评分: 5置信度: 42024-11-03

This paper focuses on the task of online map generation. In order to improve the performances of online map construction, the authors adopt SDMaps as prior to enhance BEV feature. To incorporate the SDMaps prior with BEV-based framework, the authors introduce two distinct encoding methods: (1) spatial map encoding and (2) map tokenization. The spatial map encoding is added into the initial BEV query and the SDMaps tokens are used as key and values in the cross attention of BEV encoder. Additionally, to improve the performances of topology prediction, the authors proposes a topology-guided self attention mechanism to aggregate features of predecessor and the successor. The proposed method achieve state-of-the-art performance on the OpenLaneV2 benchmark.

优点

The writing and presentation of this paper is good.
The authors provide detailed ablation studies to show how the proposed SDMap prior fusion and topology-guided decoder improve the performances.
The authors recognize the noise issue in SDMap and mitigate the performance degradation through data augmentation during training.
The proposed method achieves high performance compared to recent state-of-the-art methods.

缺点

The SDMap Prior Fusion section lacks technical innovation. The authors combine two SDMap representation methods to achieve better results, but both methods are derived from previous works: spatial map encoding from P-MapNet and map tokenization from SMERF. The author should explain the differences between the proposed fusion method and the simply combination of P-MapNet and SMERF (for example: (1) using both spatial map encoding and map tokenization as key\values in cross attention; (2) concat or add spatial map encoding with BEV features and using map tokenization as key\values in cross attention.
Some minor writing errors: (1) In Table 1, Ours-2 achieves lower AP_ped compared to Ours-1. However, the improvement of Ours-2 is 7.2 while Ours-1 is 7.0. (2) A period is missing before "Similarly" in Line 259.

问题

The authors should explain the technical contributions of their proposed SDMap Prior Fusion and provide a detailed discussion and comparison with P-MapNet and SMERF in the rebuttal. As shown in Table 3, the most significant improvement of SDMap Prior Fusion actually comes from jointly applying Spatial Encoding and Tokenization. I will consider improve my rating if the authors can address my concern.
Is separating predecessor and successor in the Topology-guided Self Attention Mechanism the key factor for performance improvement? The author can prodive ablation study through comparing the proposed method with simply aggregating features by adj. matrix without separate predecessor and successor information.

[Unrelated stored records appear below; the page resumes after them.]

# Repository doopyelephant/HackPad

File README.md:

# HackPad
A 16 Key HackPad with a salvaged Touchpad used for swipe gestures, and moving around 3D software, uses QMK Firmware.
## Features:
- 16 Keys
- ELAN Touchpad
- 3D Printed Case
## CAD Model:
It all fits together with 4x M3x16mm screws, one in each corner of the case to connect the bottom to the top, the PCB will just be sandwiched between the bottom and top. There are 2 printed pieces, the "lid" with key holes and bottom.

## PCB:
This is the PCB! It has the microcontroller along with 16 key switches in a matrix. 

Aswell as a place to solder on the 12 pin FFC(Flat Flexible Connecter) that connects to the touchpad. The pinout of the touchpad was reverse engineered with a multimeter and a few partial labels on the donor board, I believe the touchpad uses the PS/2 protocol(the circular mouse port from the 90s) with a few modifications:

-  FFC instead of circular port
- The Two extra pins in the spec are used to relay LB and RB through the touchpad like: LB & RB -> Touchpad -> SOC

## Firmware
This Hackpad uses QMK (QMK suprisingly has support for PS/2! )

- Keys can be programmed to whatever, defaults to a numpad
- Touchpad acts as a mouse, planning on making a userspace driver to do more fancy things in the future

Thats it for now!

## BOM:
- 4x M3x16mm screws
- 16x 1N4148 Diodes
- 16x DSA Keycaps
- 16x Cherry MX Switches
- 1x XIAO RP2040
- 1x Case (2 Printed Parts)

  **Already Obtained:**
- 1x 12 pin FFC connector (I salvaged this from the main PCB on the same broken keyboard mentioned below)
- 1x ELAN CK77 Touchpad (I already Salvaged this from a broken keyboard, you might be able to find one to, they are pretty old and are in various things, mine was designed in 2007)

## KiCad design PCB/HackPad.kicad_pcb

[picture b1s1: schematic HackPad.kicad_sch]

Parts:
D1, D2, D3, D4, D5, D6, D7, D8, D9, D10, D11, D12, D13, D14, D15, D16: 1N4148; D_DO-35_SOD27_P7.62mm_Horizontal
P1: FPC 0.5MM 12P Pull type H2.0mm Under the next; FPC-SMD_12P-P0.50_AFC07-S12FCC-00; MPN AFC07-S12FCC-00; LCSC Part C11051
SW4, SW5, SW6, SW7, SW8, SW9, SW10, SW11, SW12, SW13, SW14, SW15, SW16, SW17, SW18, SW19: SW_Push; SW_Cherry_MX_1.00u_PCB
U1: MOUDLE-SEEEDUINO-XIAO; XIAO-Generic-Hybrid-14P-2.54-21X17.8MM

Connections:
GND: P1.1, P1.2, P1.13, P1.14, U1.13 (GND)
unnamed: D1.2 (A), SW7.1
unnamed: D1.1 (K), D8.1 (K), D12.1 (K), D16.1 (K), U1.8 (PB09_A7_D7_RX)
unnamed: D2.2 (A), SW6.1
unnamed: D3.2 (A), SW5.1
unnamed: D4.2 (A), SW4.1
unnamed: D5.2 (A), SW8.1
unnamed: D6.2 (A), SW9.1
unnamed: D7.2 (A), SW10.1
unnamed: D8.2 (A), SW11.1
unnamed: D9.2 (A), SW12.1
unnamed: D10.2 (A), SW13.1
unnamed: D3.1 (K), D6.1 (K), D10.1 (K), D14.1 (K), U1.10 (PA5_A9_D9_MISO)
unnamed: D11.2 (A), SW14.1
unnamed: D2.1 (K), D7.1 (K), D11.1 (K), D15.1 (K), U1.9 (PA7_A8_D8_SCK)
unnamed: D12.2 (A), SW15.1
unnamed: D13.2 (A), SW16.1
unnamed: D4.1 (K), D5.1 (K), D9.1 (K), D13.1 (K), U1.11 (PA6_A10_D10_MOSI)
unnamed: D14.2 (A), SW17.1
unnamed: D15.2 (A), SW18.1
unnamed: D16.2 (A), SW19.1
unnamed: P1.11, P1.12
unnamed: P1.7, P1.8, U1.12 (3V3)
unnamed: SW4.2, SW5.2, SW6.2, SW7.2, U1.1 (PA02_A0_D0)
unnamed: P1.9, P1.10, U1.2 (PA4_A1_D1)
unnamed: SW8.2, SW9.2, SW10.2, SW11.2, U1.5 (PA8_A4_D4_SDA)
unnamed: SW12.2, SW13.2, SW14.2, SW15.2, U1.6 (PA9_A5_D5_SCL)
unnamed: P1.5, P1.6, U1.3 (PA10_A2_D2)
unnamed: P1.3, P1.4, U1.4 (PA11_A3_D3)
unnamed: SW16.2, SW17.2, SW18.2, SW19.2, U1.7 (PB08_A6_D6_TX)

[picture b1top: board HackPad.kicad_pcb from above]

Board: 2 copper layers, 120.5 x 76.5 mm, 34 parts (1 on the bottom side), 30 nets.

评论- Author response to Reviewer D5MY

2024-11-19

We appreciate your valuable comments and questions. We thank you for the positive comments on this work. We hope that our response can address your concerns.

Q1: The SDMap Prior Fusion section lacks technical innovation

A1: We thank you for your insightful suggestions. SMERF and P-MapNet are pioneering works that utilize SDMaps to help the BEV perception. From the perspective of SDMap encoding, our work is the first to combine the local and global map representation schemes to achieve complementary advantages. Specifically, the spatial map encoding can describe the local geometry and topology of roads, while the map tokenization of SDMap elements with a Transformer encoder can capture the global relationships. In this work, we study how to combine and where to fuse these two types of SD encodings for better BEV perception. Experimental results indicate that both representations bring complementary improvements without conflict, demonstrating their synergistic effects.

Regarding your first concern about using spatial map encoding and map tokenization as key/values in cross-attention, we conducted separate validation experiments on LaneSegNet, as shown in Table 1. P-MapNet employs cross-attention to fuse SD features into BEV features, with a computational complexity of $O(H_{bev} \times W_{bev} \times H_{SD} \times W_{SD})$ . Whereas, the computational complexity of the cross-attention used in our method or SMERF is $O(H_{bev} \times W_{bev} \times N_{SD})$ , where $N_{SD} << H_{SD}\times W_{SD}$ . Following LaneSegNet's high-resolution setting (200 x 100), we must downsample both SD and BEV features before cross-attention to reduce computational overhead (this implementation also follows the official code of P-Mapnet). However, this cross-attention approach for spatial encoding fusion not only runs slower than direct feature addition to BEV features and queries (as shown in Table 5) but also yields lower accuracy in the mAP metric compared with the LaneSegNet baseline and our add-based fusion method (Table 1 and 3). Considering that using spatial map encoding as keys/values with downsampling results in a performance drop, we think that employing both types of encodings as keys/values may not be the optimal choice.

Regarding your second concern -- concatenating or adding the spatial map encoding to the BEV feature and using map tokenization as key\values in cross attention, this is indeed the approach we have taken. More specifically, we enhance both BEV queries and BEV features by adding spatial map encoding, a dual-addition strategy that leads to complementary performance improvements, as demonstrated in Table 3.

By the way, in terms of spatial encoding strategy, P-MapNet uses a single channel to represent SDMap polylines, while we employ multiple channels to capture various attributes of the SDMap, such as road shapes, types, and curvature, as shown in Figure 6.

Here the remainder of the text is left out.